TASK REQUIREMENTS:
Please copy each line of the records below that includes the word "lineweight".

Records from a dataset:
- Opening Delimiter -
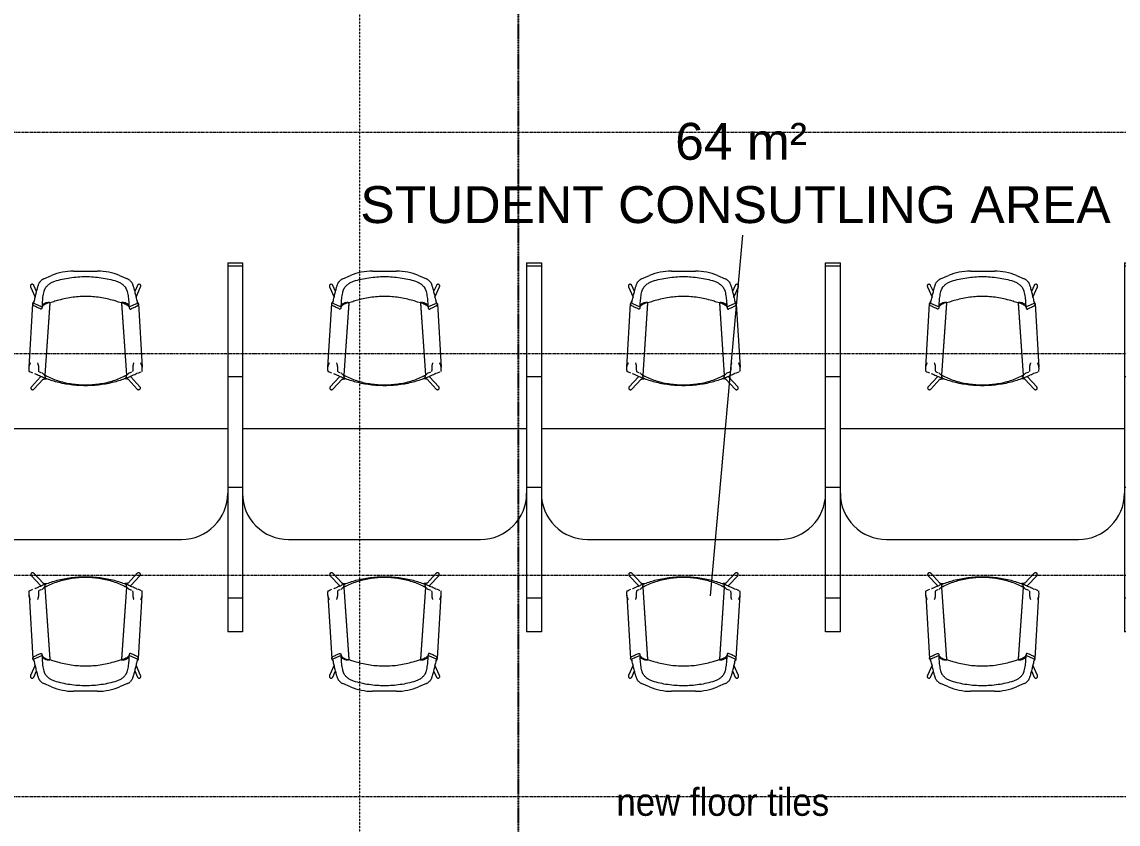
# Model space of a CAD drawing. Header units: millimetres. Extents: x -44657 to 28812, y -28146 to 16565.
# Drawn here: x -26081 to -20140, y -12626 to -8277 of the extents above; entities that cross this region are included whole.
import ezdxf

# ---------------------------------------------------------------- set-up
doc = ezdxf.new("R2010")
doc.units = ezdxf.units.MM
for name, pattern in [('1000 Dashed', [2, 1, -1]), ('Dash 1_5mm', [3, 1.5, -1.5]), ('Grid Line', [22.225, 12.7, -3.175, 3.175, -3.175])]:
    doc.linetypes.add(name, pattern=pattern)
for name, color, linetype, lineweight in [('A-AREA-IDEN', 2, 'Continuous', 5), ('A-DETL', 90, 'Continuous', 5), ('G-ANNO-SYMB', 111, 'Continuous', 5), ('G-ANNO-TEXT', 231, 'Continuous', 5), ('I-FURN', 30, 'Continuous', 5), ('S-GRID', 1, 'Continuous', 5)]:
    doc.layers.add(name, color=color, linetype=linetype, lineweight=lineweight)
doc.styles.add('Arial_1', font='arial.ttf', dxfattribs={"height": 200})
doc.styles.add('Arial_5', font='arial.ttf', dxfattribs={"width": 0.9, "height": 150})
pattern_1 = [(180, (-1540, 0), (-7e-14, -600), []), (270, (-1540, 0), (1200, 7e-14), [])]
pattern_2 = [(0, (0, 0), (0, 600), []), (90, (0, 0), (-1200, 7e-14), [])]
pattern_3 = [(0, (-1620, 0), (0, 600), []), (90, (-1620, 0), (-1200, 7e-14), [])]

# ---------------------------------------------------------------- blocks, each defined once
blk = doc.blocks.new('PD01 - Quiet pods - 1650mm H panel_ 750mm off the floor 700mm deep worktop - Quiet Pods-1038151-NEW PROPOSED GROUND STOREY PLAN _White Box_')
at = {"layer": 'I-FURN'}
h = blk.add_hatch(dxfattribs=at)
h.set_pattern_fill('FP_51', color=255, style=0, pattern_type=2)
h.set_pattern_definition([(0, (-3240, 0), (0, 600), []), (90, (-3240, 0), (-1200, 7e-14), [])])
h.paths.add_polyline_path([(-4780, 2250), (-4860, 2250), (-4860, 250), (-4780, 250), (-4780, 2046.8)])
h = blk.add_hatch(dxfattribs=at)
h.set_pattern_fill('FP_50', color=255, style=0, pattern_type=2)
h.set_pattern_definition(pattern_3)
h.paths.add_polyline_path([(-3160, 2250), (-3240, 2250), (-3240, 250), (-3160, 250), (-3160, 2046.8)])
h = blk.add_hatch(dxfattribs=at)
h.set_pattern_fill('FP_49', color=255, style=0, pattern_type=2)
h.set_pattern_definition(pattern_2)
h.paths.add_polyline_path([(-1540, 2250), (-1620, 2250), (-1620, 250), (-1540, 250), (-1540, 2046.8)])
h = blk.add_hatch(dxfattribs=at)
h.set_pattern_fill('FP_48', color=255, style=0, pattern_type=2)
h.set_pattern_definition(pattern_1)
h.paths.add_polyline_path([(80, 2250), (0, 2250), (0, 250), (80, 250), (80, 2046.8)])
at = {"layer": 'I-FURN', "color": 31}
for p, q in [((-4860, 2250), (-4780, 2250)), ((-4860, 250), (-4860, 2250)), ((-4780, 250), (-4780, 2250)), ((-3240, 2250), (-3160, 2250)), ((-3240, 250), (-3240, 2250)), ((-3160, 250), (-3160, 2250)), ((-1620, 2250), (-1540, 2250)), ((-1620, 250), (-1620, 2250)), ((-1540, 250), (-1540, 2250)), ((0, 2250), (80, 2250)), ((0, 2250), (0, 250)), ((80, 2250), (80, 250)), ((-3490, 1750), (-4530, 1750)), ((-1870, 1750), (-2910, 1750)), ((-250, 1750), (-1290, 1750)), ((-4780, 1150), (-3240, 1150)), ((-3160, 1150), (-1620, 1150)), ((-1540, 1150), (0, 1150)), ((-4780, 250), (-4860, 250)), ((-3160, 250), (-3240, 250)), ((-1540, 250), (-1620, 250)), ((80, 250), (0, 250))]:
    blk.add_line(p, q, dxfattribs=at)
for centre, start, end in [((-4530, 1500), 90, 180), ((-3490, 1500), 360, 90), ((-2910, 1500), 90, 180), ((-1870, 1500), 360, 90), ((-1290, 1500), 90, 180), ((-250, 1500), 360, 90)]:
    blk.add_arc(centre, 250, start, end, dxfattribs=at)
blk = doc.blocks.new('PD01 - Quiet pods - 1650mm H panel_ 750mm off the floor 700mm deep worktop - Quiet Pods-V54-NEW PROPOSED GROUND STOREY PLAN _White Box_')
at = {"layer": 'I-FURN'}
h = blk.add_hatch(dxfattribs=at)
h.set_pattern_fill('FP_50', color=255, style=0, pattern_type=2)
h.set_pattern_definition(pattern_3)
h.paths.add_polyline_path([(-3240, 2250), (-3240, 250), (-3160, 250), (-3160, 2250)])
h = blk.add_hatch(dxfattribs=at)
h.set_pattern_fill('FP_49', color=255, style=0, pattern_type=2)
h.set_pattern_definition(pattern_2)
h.paths.add_polyline_path([(-1620, 2250), (-1620, 250), (-1540, 250), (-1540, 2250)])
h = blk.add_hatch(dxfattribs=at)
h.set_pattern_fill('FP_48', color=255, style=0, pattern_type=2)
h.set_pattern_definition(pattern_1)
h.paths.add_polyline_path([(0, 2250), (0, 250), (80, 250), (80, 2250)])
at = {"layer": 'I-FURN', "color": 31}
for p, q in [((-3240, 2250), (-3160, 2250)), ((-3240, 250), (-3240, 2250)), ((-3160, 250), (-3160, 2250)), ((-1620, 2250), (-1540, 2250)), ((-1620, 250), (-1620, 2250)), ((-1540, 250), (-1540, 2250)), ((0, 2250), (80, 2250)), ((0, 2250), (0, 250)), ((80, 2250), (80, 250)), ((-3490, 1750), (-4530, 1750)), ((-1870, 1750), (-2910, 1750)), ((-250, 1750), (-1290, 1750)), ((-4780, 1150), (-3240, 1150)), ((-3160, 1150), (-1620, 1150)), ((-1540, 1150), (0, 1150)), ((-3160, 250), (-3240, 250)), ((-1540, 250), (-1620, 250)), ((80, 250), (0, 250))]:
    blk.add_line(p, q, dxfattribs=at)
for centre, start, end in [((-4530, 1500), 90, 180), ((-3490, 1500), 360, 90), ((-2910, 1500), 90, 180), ((-1870, 1500), 360, 90), ((-1290, 1500), 90, 180), ((-250, 1500), 360, 90)]:
    blk.add_arc(centre, 250, start, end, dxfattribs=at)
blk = doc.blocks.new('Coalesse_Bindu_LowBackGuestChair - FABRIC-1126159-NEW PROPOSED GROUND STOREY PLAN _White Box_')
at = {"layer": 'I-FURN', "color": 253}
for p, q in [((-294.2, 279.3), (-244.1, 225.2)), ((-230.1, 238.2), (-280.2, 292.3)), ((280.2, 292.3), (230.1, 238.2)), ((244.1, 225.2), (294.2, 279.3)), ((-194.5, -175), (-221.2, 216.6)), ((-194.5, -174.2), (-221.2, 216.6)), ((194.5, -175), (221.2, 216.6)), ((194.5, -174.2), (221.2, 216.6)), ((-286.3, -169.4), (-306.6, 172.7)), ((306.6, 172.7), (286.3, -169.4)), ((-194.5, -175), (-178.8, -179.9)), ((178.8, -179.9), (194.5, -175)), ((-273.2, -206.3), (-298, -262.4)), ((-280.6, -270.1), (-265.8, -236.6)), ((265.8, -236.6), (280.6, -270.1)), ((298, -262.4), (273.2, -206.3)), ((-184.3, -323.3), (-226.7, -305.3)), ((65.1, -347.5), (-65.1, -347.5)), ((226.7, -305.3), (184.3, -323.3))]:
    blk.add_line(p, q, dxfattribs=at)
at = {"layer": 'I-FURN', "color": 253, "flags": 128}
for points in [[(-280.1, 292.2), (-281.9, 293.7), (-284, 294.8), (-286.2, 295.4), (-288.5, 295.4), (-290.8, 294.8), (-292.8, 293.7), (-294.5, 292.2), (-295.8, 290.3), (-296.6, 288.1), (-296.8, 285.8)], [(-296.8, 285.8), (-296.5, 283.5), (-295.6, 281.3), (-294.2, 279.4)], [(-231.2, 239.1), (-231.1, 239.1), (-230.9, 239), (-230.5, 238.8), (-230, 238.7), (-229.4, 238.5), (-228.7, 238.3), (-227.9, 238.1), (-227, 237.9), (-226.1, 237.7), (-225, 237.4), (-223.9, 237.2), (-222.7, 237), (-221.5, 236.9), (-220.1, 236.7), (-218.8, 236.5), (-217.3, 236.3), (-215.9, 236.1), (-214.3, 236), (-212.7, 235.8)], [(231.2, 239.1), (231.1, 239.1), (230.9, 239), (230.5, 238.8), (230, 238.7), (229.4, 238.5), (228.7, 238.3), (227.9, 238.1), (227, 237.9), (226.1, 237.7), (225, 237.4), (223.9, 237.2), (222.7, 237), (221.5, 236.9), (220.1, 236.7), (218.8, 236.5), (217.3, 236.3), (215.9, 236.1), (214.3, 236), (212.7, 235.8)], [(296.8, 285.8), (296.6, 288.1), (295.8, 290.3), (294.5, 292.2), (292.8, 293.7), (290.8, 294.8), (288.5, 295.4), (286.2, 295.4), (284, 294.8), (281.9, 293.7), (280.1, 292.2)], [(294.2, 279.4), (295.6, 281.3), (296.5, 283.5), (296.8, 285.8)], [(-300.4, 199.7), (-294, 202.6), (-285.7, 205.5), (-275.7, 208.3)], [(-236.9, 204.4), (-242.4, 202.5), (-247.2, 200.6), (-251, 198.7)], [(-244.1, 225.2), (-242.9, 224.1), (-241.7, 223.2)], [(244.1, 225.2), (242.9, 224.1), (241.7, 223.2)], [(254.1, 196.8), (251, 198.7), (247.2, 200.6), (242.4, 202.5)], [(285.7, 205.5), (294, 202.6), (300.4, 199.7), (305.2, 196.8)], [(-235.2, -154), (-259.7, -163.9), (-280.6, -173.2)], [(-233.9, -175.2), (-234.1, -169.4), (-234.4, -163.6)], [(234.4, -163.6), (234.1, -169.4), (233.9, -175.2)], [(280.6, -173.2), (256.4, -162.5), (235.2, -154)], [(-297.6, -261.5), (-298.5, -263.8), (-298.9, -266.2)], [(-298.9, -266.2), (-298.7, -268.6), (-298, -270.9), (-296.8, -272.9), (-295.1, -274.5), (-293.1, -275.6), (-290.9, -276.2), (-288.6, -276.2), (-286.3, -275.6), (-284.2, -274.5), (-282.4, -272.9), (-281, -270.9), (-280.6, -270.1)], [(280.6, -270.1), (281, -270.9), (282.4, -272.9), (284.2, -274.5), (286.3, -275.6), (288.6, -276.2), (290.9, -276.2), (293.1, -275.6), (295.1, -274.5), (296.8, -272.9), (298, -270.9), (298.7, -268.6), (298.9, -266.2)], [(298.9, -266.2), (298.5, -263.8), (297.6, -261.5)]]:
    blk.add_lwpolyline(points, dxfattribs=at)
at = {"layer": 'I-FURN', "color": 253}
for centre, radius, start, end in [((-206.8, -258.5), 50.9, 225.91344, 247), ((206.8, -258.5), 50.9, 293, 314.08656), ((-65.1, -42.3), 305.2, 247, 270), ((65.1, -42.3), 305.2, 270, 293)]:
    blk.add_arc(centre, radius, start, end, dxfattribs=at)
for points in [[(-217.3, 233.7), (-207.2, 237.7), (-186.6, 245.2), (-165.5, 251.4), (-154.9, 254.3)], [(154.9, 254.3), (165.5, 251.4), (186.6, 245.2), (207.2, 237.7), (217.3, 233.7)], [(-305.2, 196.8), (-305.8, 196.2), (-306.8, 191.3), (-306.8, 179.9), (-306.6, 173.3)], [(-271.4, 210), (-272.1, 209.6), (-273.6, 209), (-275, 208.5), (-275.7, 208.3)], [(-236.9, 204.4), (-235.3, 205.2), (-231.8, 207.6), (-227.9, 211.7), (-225.9, 214.1)], [(-217.3, 233.7), (-219.1, 232.9), (-222.8, 231.4), (-226.3, 229.8), (-228, 229)], [(-225.9, 214.1), (-225.8, 214.2), (-225.5, 214.5), (-224.7, 215), (-223.7, 215.5), (-222.5, 216.1), (-221.7, 216.4), (-221.2, 216.6)], [(-221.2, 216.6), (-221, 217.8), (-220.4, 220.4), (-219.9, 222.9), (-219.6, 224.2)], [(-221.2, 216.6), (-221, 217.8), (-220.4, 220.4), (-219.9, 222.9), (-219.6, 224.2)], [(-212.7, 220.3), (-214.1, 219.6), (-216.9, 218.3), (-219.8, 217.2), (-221.2, 216.6)], [(-219.6, 224.2), (-219.3, 225.9), (-218.5, 229.1), (-217.7, 232.2), (-217.3, 233.7)], [(-219.6, 224.2), (-219.3, 225.9), (-218.5, 229.1), (-217.7, 232.2), (-217.3, 233.7)], [(-209.7, 221.8), (-210.2, 221.5), (-211.2, 221), (-212.2, 220.5), (-212.7, 220.3)], [(212.7, 220.3), (212.2, 220.5), (211.2, 221), (210.2, 221.5), (209.7, 221.8)], [(221.2, 216.6), (219.8, 217.2), (216.9, 218.3), (214.1, 219.6), (212.7, 220.3)], [(217.3, 233.7), (217.7, 232.2), (218.5, 229.1), (219.3, 225.9), (219.6, 224.2)], [(228, 229), (226.3, 229.8), (222.8, 231.4), (219.1, 232.9), (217.3, 233.7)], [(217.3, 233.7), (217.7, 232.2), (218.5, 229.1), (219.3, 225.9), (219.6, 224.2)], [(219.6, 224.2), (219.9, 222.9), (220.4, 220.4), (221, 217.8), (221.2, 216.6)], [(219.6, 224.2), (219.9, 222.9), (220.4, 220.4), (221, 217.8), (221.2, 216.6)], [(221.2, 216.6), (221.7, 216.4), (222.5, 216.1), (223.7, 215.5), (224.7, 215), (225.5, 214.5), (225.8, 214.2), (225.9, 214.1)], [(225.9, 214.1), (227.9, 211.7), (231.8, 207.6), (235.3, 205.2), (236.9, 204.4)], [(275.7, 208.3), (275, 208.5), (273.6, 209), (272.1, 209.6), (271.4, 210)], [(305.2, 196.8), (305.8, 196.2), (306.8, 191.3), (306.8, 179.9), (306.6, 173.3)], [(-286.3, -169.6), (-286.2, -170.4), (-286, -171.8), (-285.8, -172.6), (-285.7, -172.8)], [(-243.4, -142.1), (-249.7, -144.9), (-262.2, -150.5), (-274.4, -156.5), (-280.5, -159.6)], [(-236, -151.6), (-236.1, -151.2), (-236.4, -150.1), (-236.7, -148.1), (-236.8, -147)], [(-199.6, -175), (-204.5, -173.7), (-213.5, -170.9), (-224, -165.6), (-231.6, -159.2), (-234.8, -154.2), (-236, -151.6)], [(-234.4, -163.6), (-234.4, -161.5), (-234.6, -157.9), (-234.9, -154.6), (-235.1, -154), (-235.2, -154)], [(-225.3, -236.7), (-227.7, -226.8), (-231.5, -206.5), (-233.4, -185.7), (-233.9, -175.2)], [(-218.5, -173.7), (-216.6, -174.4), (-212.3, -175.5), (-205, -176.9), (-199.4, -177.6), (-196.4, -177.9)], [(-196.3, -177.1), (-195.7, -176.1), (-195.1, -175.1), (-194.5, -174.2)], [(-196, -178.3), (-195.5, -177.2), (-195, -176.1), (-194.5, -175)], [(196.3, -177.1), (195.7, -176.1), (195.1, -175.1), (194.5, -174.2)], [(194.5, -175), (195, -176.1), (195.5, -177.2), (196, -178.3)], [(196.4, -177.9), (199.4, -177.6), (205, -176.9), (212.3, -175.5), (216.6, -174.4), (218.5, -173.7)], [(199.6, -175), (204.5, -173.7), (213.5, -170.9), (224, -165.6), (231.6, -159.2), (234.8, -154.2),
- Closing Delimiter -
RESULT OF THIS EXERCISE:
for name, color, linetype, lineweight in [('A-AREA-IDEN', 2, 'Continuous', 5), ('A-DETL', 90, 'Continuous', 5), ('G-ANNO-SYMB', 111, 'Continuous', 5), ('G-ANNO-TEXT', 231, 'Continuous', 5), ('I-FURN', 30, 'Continuous', 5), ('S-GRID', 1, 'Continuous', 5)]:
    doc.layers.add(name, color=color, linetype=linetype, lineweight=lineweight)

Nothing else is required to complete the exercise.